Deuteronomy 12:32

Hebrew Bible

30 After they have been destroyed from your presence, be careful not to be ensnared like they are; do not inquire* of their gods and say, “How do these nations serve their gods? I will do the same.” 31 You must not worship the Lord your God the way they do! For everything that is abhorrent to him, everything he hates, they have done when worshiping their gods. They even burn up their sons and daughters before their gods! 32 (13:1) You must be careful to do everything I am commanding you. Do not add to it or subtract from it!

Proverbs 30:6

Hebrew Bible

4 Who has ascended into heaven, and then descended? Who has gathered up the winds in his fists? Who has bound up the waters in his cloak? Who has established all the ends of the earth? What is his name, and what is his son’s name? Surely you can know! 5 Every word of God is purified; he is like a shield for those who take refuge in him. 6 Do not add to his words, lest he reprove you and prove you to be a liar. 7 Two things I have asked from you; do not refuse me before I die: 8 Remove falsehood and lies far from me; do not give me poverty or riches; feed me with my allotted portion of bread,

 Notes and References

"... the Bible’s own descriptions of text production feature a world where texts are generally written down from dictation for subsequent recitation and reference. (Fishbane notes possible echoes in Deuteronomy 4:2 and 13:1 (also compare Proverbs 30:6), of a Mesopotamian formula regarding exact copying—“not adding to or subtracting”—that is found in the Erra epic, a tradition that itself appears to have been transmitted through visual copying.

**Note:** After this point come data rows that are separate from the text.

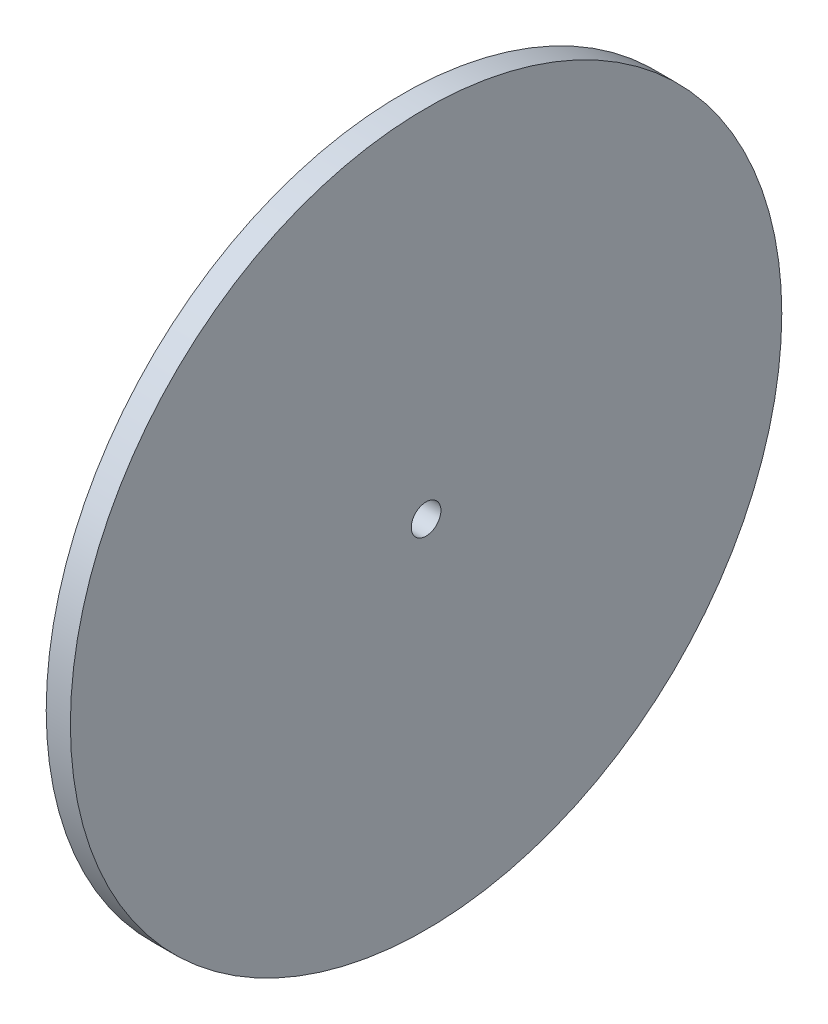
from build123d import *

# Parameters (mm, degrees)
SKETCH3_R          = 1
CUT_EXTRUDE1_DEPTH = 35.152073144


with BuildPart() as part:
    # Sketch2 → Revolve1 (revolve)
    with BuildSketch(Plane.XY, mode=Mode.PRIVATE) as revolve1_sk:
        Polygon((0, 0), (0, 24), (-1.63, 24), (-1.63, 3.5), (-3.79, 3.5), (-3.79, 2.35), (-1.63, 2.35), (-1.63, 0), align=None)
    revolve(revolve1_sk.sketch.rotate(Axis((-1.63, 0, 0), (1, 0, 0)), 90), axis=Axis((-1.63, 0, 0), (1, 0, 0)))

    # Sketch3 → Cut-Extrude1 (cut, through all)
    with BuildSketch(Plane(origin=(0, 0, 0), x_dir=(0, 0, -1), z_dir=(1, 0, 0))):
        Circle(SKETCH3_R)
    extrude(amount=-CUT_EXTRUDE1_DEPTH, mode=Mode.SUBTRACT)


solid = part.part

Such claims of and exhortations to exact transmission, however, also have parallels in oral tradition) Oral vocalization aided the internalization of such texts by a literate elite, and this elite then could perform such texts (possibly still using a written copy) for a broader, illiterate populace. Thus, long-duration Israelite texts, like their counterparts in Mesopotamia, Egypt, and Greece, were transmitted dually—in written media and in the minds and hearts of those who had ingested them ..."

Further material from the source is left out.